[Record set — start]

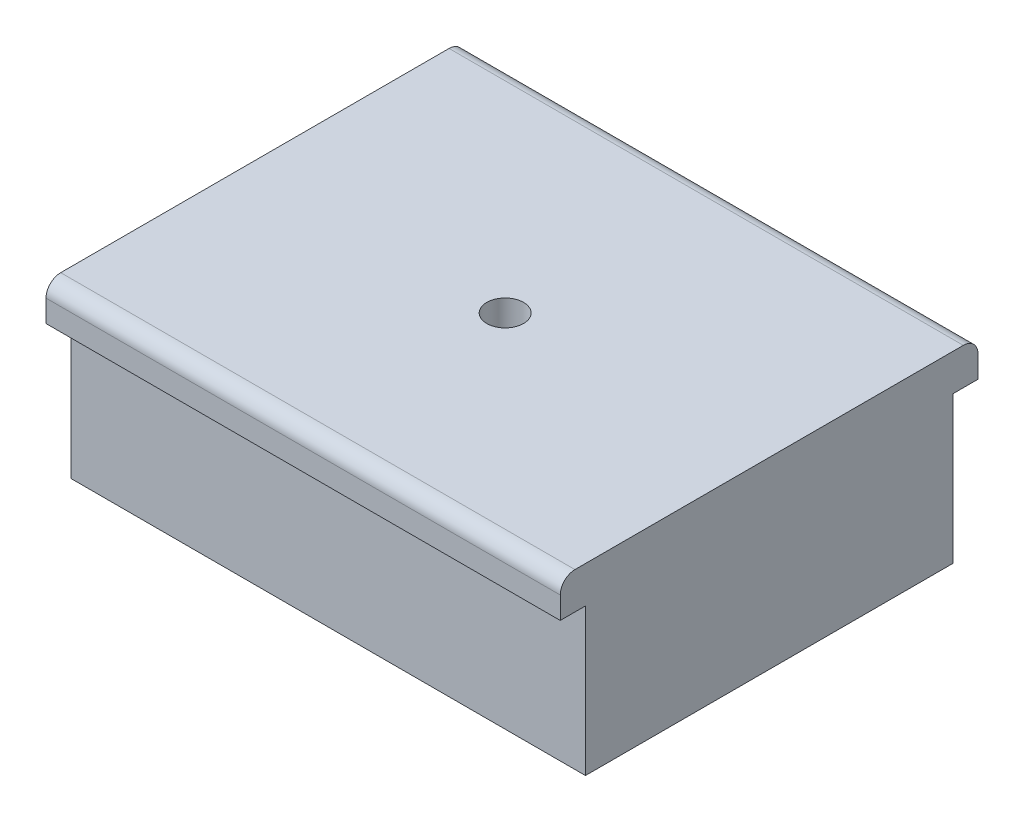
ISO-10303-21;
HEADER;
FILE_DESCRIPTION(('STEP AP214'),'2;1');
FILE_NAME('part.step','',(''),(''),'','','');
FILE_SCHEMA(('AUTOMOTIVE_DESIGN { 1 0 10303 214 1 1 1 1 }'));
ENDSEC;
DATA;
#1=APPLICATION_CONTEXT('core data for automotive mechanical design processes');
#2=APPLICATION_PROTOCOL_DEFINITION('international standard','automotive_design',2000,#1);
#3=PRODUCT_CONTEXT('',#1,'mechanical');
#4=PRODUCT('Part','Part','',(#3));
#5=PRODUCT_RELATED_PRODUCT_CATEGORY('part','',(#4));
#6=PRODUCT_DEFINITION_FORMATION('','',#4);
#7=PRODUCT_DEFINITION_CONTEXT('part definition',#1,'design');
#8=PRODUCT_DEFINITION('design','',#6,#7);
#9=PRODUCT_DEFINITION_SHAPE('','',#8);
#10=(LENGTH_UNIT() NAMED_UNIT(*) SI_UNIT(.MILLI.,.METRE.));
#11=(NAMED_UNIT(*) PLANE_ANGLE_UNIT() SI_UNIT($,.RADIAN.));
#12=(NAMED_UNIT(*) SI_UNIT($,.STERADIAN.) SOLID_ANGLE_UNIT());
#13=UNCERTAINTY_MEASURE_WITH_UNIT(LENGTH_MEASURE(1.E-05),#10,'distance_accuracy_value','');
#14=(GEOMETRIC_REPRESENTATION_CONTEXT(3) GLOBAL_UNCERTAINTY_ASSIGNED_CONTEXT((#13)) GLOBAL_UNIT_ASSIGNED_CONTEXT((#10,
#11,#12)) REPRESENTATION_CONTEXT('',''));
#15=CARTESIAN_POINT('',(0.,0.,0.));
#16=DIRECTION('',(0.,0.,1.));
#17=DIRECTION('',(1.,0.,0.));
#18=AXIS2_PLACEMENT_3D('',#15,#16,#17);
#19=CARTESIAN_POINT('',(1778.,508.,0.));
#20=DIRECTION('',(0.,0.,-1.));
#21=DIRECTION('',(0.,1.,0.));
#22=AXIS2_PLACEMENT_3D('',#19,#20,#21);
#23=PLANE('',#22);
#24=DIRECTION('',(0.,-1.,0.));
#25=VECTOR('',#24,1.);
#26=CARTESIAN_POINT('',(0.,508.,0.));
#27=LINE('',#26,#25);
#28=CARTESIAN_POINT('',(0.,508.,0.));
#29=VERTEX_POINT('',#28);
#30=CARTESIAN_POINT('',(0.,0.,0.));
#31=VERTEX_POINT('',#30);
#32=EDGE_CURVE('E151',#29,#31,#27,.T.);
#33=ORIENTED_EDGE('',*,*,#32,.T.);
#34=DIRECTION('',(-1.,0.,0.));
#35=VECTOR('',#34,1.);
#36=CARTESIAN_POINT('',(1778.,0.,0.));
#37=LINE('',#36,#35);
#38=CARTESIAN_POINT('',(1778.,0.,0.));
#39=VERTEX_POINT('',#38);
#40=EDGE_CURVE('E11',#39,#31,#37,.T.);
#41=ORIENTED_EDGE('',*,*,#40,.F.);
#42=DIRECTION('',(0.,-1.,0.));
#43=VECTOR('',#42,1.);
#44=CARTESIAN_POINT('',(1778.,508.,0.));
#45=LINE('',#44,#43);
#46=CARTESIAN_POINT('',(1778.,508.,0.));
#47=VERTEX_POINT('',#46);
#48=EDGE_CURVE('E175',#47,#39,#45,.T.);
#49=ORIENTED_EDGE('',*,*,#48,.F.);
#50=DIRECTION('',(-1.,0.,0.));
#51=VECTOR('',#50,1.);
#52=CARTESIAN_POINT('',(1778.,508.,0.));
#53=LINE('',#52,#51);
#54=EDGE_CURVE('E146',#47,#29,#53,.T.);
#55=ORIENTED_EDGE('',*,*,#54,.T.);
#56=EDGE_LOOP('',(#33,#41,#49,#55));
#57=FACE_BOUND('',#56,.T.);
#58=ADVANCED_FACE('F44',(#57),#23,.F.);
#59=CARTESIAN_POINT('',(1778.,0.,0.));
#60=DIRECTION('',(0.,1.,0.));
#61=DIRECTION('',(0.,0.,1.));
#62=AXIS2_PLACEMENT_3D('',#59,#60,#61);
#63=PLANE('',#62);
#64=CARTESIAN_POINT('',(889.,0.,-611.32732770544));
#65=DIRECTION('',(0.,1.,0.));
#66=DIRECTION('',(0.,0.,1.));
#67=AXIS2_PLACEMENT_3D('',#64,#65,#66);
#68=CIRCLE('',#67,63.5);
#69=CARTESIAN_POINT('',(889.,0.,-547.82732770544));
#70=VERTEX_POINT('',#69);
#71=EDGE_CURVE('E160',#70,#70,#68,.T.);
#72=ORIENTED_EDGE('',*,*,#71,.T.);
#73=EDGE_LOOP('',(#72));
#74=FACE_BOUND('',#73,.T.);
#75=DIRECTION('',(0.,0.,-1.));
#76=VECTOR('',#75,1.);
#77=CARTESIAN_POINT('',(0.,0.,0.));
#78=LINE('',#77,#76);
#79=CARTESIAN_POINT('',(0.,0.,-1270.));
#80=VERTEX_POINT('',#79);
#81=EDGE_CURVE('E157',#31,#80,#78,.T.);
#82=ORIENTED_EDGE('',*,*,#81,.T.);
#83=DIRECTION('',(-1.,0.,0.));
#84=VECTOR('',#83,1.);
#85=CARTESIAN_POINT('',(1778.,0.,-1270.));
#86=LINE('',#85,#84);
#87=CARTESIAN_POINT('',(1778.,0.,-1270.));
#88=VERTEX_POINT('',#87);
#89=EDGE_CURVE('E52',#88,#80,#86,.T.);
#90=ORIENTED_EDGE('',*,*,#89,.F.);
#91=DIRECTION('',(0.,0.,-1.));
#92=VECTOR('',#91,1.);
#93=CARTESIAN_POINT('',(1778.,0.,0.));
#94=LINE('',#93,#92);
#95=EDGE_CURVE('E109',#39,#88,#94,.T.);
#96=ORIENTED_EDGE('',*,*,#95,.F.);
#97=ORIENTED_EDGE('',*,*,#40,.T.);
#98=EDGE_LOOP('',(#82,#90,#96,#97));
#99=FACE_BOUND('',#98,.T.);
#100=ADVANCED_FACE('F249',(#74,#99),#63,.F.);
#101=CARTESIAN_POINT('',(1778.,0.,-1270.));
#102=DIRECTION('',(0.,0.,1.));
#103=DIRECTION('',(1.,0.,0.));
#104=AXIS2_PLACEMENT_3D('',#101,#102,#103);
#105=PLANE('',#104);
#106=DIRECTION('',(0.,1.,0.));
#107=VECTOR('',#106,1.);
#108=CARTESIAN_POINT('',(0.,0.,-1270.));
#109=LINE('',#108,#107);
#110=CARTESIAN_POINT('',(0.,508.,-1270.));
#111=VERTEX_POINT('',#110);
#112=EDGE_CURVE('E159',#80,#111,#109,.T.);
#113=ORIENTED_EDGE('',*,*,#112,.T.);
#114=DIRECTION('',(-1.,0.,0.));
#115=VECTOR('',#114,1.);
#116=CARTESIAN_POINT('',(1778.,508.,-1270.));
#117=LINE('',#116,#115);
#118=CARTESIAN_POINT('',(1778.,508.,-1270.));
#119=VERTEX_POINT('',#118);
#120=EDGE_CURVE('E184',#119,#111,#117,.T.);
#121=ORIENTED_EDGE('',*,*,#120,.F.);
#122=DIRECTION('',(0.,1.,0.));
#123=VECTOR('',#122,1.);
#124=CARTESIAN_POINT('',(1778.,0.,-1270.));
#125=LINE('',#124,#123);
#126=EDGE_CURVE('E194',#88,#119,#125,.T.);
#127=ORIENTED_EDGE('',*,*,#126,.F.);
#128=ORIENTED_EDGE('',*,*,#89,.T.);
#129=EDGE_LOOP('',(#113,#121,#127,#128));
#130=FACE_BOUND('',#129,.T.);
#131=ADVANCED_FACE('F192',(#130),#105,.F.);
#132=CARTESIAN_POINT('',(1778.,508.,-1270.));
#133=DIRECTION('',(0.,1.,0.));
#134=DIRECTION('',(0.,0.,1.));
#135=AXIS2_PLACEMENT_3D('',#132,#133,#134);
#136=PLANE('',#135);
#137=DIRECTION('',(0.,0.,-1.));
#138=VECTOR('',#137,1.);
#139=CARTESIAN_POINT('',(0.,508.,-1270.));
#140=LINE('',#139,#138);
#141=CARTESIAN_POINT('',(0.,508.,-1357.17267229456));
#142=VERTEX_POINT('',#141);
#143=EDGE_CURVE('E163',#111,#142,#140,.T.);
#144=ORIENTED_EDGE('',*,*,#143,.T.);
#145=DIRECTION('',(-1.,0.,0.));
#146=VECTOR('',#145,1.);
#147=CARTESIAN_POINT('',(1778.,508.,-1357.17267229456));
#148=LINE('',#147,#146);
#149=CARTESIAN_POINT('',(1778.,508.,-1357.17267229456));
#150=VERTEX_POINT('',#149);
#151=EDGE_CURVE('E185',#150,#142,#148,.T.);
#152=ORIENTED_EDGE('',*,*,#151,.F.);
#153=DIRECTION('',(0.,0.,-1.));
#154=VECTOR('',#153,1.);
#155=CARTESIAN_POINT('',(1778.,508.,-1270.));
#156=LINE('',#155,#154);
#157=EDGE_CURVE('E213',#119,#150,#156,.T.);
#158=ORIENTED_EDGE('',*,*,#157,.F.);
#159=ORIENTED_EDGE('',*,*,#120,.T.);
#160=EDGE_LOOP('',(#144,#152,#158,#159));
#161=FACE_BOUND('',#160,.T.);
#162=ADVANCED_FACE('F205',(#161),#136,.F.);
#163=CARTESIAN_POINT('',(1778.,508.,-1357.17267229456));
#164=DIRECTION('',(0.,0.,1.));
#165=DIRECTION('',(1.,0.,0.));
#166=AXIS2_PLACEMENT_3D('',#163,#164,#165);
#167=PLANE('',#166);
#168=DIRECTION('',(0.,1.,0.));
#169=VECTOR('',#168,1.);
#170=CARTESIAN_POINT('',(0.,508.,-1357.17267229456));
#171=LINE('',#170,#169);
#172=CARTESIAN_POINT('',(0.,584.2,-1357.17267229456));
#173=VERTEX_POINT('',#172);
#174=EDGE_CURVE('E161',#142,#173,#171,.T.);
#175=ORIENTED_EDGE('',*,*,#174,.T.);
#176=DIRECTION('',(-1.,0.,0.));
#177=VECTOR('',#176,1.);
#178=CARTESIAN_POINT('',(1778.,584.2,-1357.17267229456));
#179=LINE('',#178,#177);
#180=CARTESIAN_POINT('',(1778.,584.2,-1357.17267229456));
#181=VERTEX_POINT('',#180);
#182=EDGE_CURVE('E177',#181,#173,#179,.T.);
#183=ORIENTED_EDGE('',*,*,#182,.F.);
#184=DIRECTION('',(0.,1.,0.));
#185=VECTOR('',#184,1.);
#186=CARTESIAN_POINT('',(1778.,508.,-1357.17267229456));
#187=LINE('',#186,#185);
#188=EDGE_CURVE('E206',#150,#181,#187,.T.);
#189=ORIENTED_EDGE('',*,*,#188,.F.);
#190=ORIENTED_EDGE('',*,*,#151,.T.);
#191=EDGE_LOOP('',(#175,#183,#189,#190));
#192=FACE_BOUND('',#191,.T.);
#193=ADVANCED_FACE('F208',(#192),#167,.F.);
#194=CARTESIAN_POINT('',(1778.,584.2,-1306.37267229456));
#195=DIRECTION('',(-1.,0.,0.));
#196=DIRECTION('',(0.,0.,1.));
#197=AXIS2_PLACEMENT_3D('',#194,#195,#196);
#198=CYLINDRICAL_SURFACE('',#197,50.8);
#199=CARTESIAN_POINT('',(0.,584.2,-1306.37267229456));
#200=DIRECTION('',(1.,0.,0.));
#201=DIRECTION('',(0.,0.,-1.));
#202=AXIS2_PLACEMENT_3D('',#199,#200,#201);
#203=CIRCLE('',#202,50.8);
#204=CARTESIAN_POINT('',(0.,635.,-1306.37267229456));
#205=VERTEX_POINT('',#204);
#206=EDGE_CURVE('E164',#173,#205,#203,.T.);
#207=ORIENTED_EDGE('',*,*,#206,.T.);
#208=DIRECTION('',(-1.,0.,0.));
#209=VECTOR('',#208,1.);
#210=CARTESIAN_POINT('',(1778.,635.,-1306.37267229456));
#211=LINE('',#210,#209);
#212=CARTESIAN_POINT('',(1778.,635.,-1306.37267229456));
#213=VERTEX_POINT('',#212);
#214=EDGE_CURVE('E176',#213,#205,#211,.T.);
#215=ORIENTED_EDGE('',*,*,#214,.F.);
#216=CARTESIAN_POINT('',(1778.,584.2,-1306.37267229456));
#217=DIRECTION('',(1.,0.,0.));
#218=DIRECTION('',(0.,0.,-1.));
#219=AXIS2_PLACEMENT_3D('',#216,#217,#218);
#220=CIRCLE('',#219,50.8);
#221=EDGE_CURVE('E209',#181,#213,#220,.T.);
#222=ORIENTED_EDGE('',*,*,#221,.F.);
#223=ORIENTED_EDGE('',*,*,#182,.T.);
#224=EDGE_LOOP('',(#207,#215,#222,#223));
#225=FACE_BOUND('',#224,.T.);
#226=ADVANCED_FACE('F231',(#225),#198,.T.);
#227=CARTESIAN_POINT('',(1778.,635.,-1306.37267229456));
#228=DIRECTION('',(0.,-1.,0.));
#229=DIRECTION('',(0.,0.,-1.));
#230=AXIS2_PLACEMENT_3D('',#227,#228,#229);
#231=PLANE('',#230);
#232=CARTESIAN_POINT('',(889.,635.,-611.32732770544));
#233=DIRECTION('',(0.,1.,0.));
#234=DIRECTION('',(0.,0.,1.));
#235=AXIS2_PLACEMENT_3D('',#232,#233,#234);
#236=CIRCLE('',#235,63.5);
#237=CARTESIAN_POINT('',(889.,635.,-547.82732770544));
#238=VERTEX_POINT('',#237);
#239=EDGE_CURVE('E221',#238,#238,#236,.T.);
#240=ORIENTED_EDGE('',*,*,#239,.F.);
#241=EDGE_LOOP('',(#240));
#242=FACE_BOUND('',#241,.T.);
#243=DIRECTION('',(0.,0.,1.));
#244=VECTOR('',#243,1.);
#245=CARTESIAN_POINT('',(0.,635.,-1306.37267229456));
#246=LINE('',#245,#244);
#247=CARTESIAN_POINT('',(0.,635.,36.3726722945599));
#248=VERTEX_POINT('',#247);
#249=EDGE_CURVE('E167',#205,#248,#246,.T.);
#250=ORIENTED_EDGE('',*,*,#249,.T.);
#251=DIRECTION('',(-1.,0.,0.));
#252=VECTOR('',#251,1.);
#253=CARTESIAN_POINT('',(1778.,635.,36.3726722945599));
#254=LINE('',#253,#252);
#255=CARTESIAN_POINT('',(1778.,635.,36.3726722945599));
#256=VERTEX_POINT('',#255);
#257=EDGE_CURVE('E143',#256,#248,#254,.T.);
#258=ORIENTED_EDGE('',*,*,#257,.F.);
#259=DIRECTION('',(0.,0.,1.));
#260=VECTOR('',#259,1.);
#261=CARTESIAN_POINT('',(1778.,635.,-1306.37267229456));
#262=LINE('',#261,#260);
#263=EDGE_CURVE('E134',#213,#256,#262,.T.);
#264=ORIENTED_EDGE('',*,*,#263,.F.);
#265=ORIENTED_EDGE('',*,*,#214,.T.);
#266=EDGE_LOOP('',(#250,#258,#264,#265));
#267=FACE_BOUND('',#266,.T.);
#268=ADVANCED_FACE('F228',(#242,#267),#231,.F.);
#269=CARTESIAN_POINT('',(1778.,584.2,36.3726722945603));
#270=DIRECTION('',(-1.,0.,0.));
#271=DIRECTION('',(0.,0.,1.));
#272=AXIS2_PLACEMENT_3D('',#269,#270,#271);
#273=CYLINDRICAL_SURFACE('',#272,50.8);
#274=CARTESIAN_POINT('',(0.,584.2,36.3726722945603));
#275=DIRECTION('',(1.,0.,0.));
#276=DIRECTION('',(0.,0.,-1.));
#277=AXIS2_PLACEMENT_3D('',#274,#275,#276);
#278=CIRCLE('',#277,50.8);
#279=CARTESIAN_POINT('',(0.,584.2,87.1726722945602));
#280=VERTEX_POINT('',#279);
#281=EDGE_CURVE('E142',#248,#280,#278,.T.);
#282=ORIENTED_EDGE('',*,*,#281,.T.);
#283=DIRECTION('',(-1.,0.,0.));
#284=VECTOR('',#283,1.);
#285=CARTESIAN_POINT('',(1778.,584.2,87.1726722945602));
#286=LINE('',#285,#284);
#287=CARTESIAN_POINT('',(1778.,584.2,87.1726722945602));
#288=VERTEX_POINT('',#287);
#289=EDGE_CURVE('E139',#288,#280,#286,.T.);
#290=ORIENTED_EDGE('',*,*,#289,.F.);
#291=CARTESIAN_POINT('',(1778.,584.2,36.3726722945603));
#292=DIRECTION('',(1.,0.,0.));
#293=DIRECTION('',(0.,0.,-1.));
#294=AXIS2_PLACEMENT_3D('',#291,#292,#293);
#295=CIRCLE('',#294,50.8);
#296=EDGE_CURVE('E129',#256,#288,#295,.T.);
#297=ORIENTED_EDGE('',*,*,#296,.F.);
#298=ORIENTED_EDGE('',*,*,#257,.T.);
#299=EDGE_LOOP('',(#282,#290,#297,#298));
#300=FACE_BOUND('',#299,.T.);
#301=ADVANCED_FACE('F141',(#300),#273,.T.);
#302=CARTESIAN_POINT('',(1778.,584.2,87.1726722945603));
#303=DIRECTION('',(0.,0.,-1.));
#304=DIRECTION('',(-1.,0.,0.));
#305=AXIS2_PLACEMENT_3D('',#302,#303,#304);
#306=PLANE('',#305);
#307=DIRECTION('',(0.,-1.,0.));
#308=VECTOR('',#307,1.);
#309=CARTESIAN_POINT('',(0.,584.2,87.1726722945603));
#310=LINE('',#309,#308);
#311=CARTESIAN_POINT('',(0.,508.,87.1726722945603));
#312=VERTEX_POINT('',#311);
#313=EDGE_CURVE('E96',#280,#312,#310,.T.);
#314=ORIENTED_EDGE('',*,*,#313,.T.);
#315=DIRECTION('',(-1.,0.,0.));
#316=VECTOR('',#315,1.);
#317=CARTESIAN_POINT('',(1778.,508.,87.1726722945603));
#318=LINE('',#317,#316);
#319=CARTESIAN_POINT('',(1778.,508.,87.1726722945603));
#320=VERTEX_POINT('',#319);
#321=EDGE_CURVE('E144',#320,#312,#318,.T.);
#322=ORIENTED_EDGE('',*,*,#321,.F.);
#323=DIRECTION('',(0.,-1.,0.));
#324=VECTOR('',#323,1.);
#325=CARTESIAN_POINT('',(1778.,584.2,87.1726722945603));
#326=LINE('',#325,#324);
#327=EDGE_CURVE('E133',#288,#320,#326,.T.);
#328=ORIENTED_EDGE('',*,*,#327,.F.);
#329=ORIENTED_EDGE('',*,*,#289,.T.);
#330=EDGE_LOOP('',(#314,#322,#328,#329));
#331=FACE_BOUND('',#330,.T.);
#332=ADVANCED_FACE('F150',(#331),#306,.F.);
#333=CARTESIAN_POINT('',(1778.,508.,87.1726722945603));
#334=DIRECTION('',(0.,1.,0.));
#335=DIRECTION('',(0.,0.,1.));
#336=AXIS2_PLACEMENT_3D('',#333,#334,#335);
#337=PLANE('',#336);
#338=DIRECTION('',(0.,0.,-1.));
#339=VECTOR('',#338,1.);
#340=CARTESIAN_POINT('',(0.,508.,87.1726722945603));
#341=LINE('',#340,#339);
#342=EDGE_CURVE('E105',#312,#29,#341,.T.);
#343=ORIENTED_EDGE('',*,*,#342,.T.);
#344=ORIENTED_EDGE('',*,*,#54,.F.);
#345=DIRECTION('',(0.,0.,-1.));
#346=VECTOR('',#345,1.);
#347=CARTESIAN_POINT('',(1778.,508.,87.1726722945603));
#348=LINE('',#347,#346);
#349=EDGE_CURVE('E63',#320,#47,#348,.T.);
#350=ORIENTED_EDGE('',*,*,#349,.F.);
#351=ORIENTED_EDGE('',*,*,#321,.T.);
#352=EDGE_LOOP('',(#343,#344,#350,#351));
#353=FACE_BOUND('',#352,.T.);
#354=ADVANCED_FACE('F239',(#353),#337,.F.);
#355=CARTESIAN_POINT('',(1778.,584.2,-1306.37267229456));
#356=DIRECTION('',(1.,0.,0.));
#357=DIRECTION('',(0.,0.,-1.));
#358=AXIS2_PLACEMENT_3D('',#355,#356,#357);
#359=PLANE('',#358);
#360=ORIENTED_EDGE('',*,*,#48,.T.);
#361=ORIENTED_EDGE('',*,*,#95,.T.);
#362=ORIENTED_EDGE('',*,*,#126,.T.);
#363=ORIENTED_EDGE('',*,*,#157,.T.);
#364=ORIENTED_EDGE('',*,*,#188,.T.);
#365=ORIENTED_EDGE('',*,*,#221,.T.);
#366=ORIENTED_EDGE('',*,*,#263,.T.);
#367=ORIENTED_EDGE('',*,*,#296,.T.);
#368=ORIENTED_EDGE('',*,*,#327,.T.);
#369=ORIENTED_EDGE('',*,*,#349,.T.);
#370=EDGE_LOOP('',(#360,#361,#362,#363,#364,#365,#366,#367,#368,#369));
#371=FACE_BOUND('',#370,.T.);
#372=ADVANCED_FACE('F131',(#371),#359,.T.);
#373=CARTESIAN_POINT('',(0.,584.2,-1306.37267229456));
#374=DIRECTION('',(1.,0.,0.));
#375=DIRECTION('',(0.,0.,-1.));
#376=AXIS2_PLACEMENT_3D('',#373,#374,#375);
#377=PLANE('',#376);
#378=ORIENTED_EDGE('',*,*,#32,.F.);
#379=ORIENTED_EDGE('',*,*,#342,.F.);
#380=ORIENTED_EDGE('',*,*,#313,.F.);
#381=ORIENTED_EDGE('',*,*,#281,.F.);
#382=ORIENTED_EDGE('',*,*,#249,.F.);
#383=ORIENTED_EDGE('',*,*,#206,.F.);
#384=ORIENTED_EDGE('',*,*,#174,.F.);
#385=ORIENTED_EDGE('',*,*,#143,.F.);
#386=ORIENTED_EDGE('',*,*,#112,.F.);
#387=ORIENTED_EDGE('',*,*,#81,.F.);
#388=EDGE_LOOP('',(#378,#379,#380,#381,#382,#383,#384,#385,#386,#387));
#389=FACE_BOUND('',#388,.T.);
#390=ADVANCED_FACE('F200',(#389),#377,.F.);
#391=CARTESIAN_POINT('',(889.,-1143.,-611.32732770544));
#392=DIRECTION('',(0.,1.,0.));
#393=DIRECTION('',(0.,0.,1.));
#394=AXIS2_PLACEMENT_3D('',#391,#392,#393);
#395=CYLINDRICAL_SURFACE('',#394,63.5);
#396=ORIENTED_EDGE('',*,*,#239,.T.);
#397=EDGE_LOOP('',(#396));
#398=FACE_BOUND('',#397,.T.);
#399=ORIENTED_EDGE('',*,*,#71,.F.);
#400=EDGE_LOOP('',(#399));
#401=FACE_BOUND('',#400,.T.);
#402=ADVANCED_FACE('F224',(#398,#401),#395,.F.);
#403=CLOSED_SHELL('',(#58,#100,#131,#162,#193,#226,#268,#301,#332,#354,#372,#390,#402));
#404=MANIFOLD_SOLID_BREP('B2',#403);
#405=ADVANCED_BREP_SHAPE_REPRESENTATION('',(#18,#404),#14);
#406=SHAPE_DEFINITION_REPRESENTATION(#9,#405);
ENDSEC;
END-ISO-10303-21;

[Record set — finish]

Your assignment => Look through the material above and print exactly the lines from the one containing "#357=DIRECTION('',(0.,0.,-1.));" to the one containing "#369=ORIENTED_EDGE('',*,*,#349,.T.);", both included, and nothing more.

Output for this task =>
#357=DIRECTION('',(0.,0.,-1.));
#358=AXIS2_PLACEMENT_3D('',#355,#356,#357);
#359=PLANE('',#358);
#360=ORIENTED_EDGE('',*,*,#48,.T.);
#361=ORIENTED_EDGE('',*,*,#95,.T.);
#362=ORIENTED_EDGE('',*,*,#126,.T.);
#363=ORIENTED_EDGE('',*,*,#157,.T.);
#364=ORIENTED_EDGE('',*,*,#188,.T.);
#365=ORIENTED_EDGE('',*,*,#221,.T.);
#366=ORIENTED_EDGE('',*,*,#263,.T.);
#367=ORIENTED_EDGE('',*,*,#296,.T.);
#368=ORIENTED_EDGE('',*,*,#327,.T.);
#369=ORIENTED_EDGE('',*,*,#349,.T.);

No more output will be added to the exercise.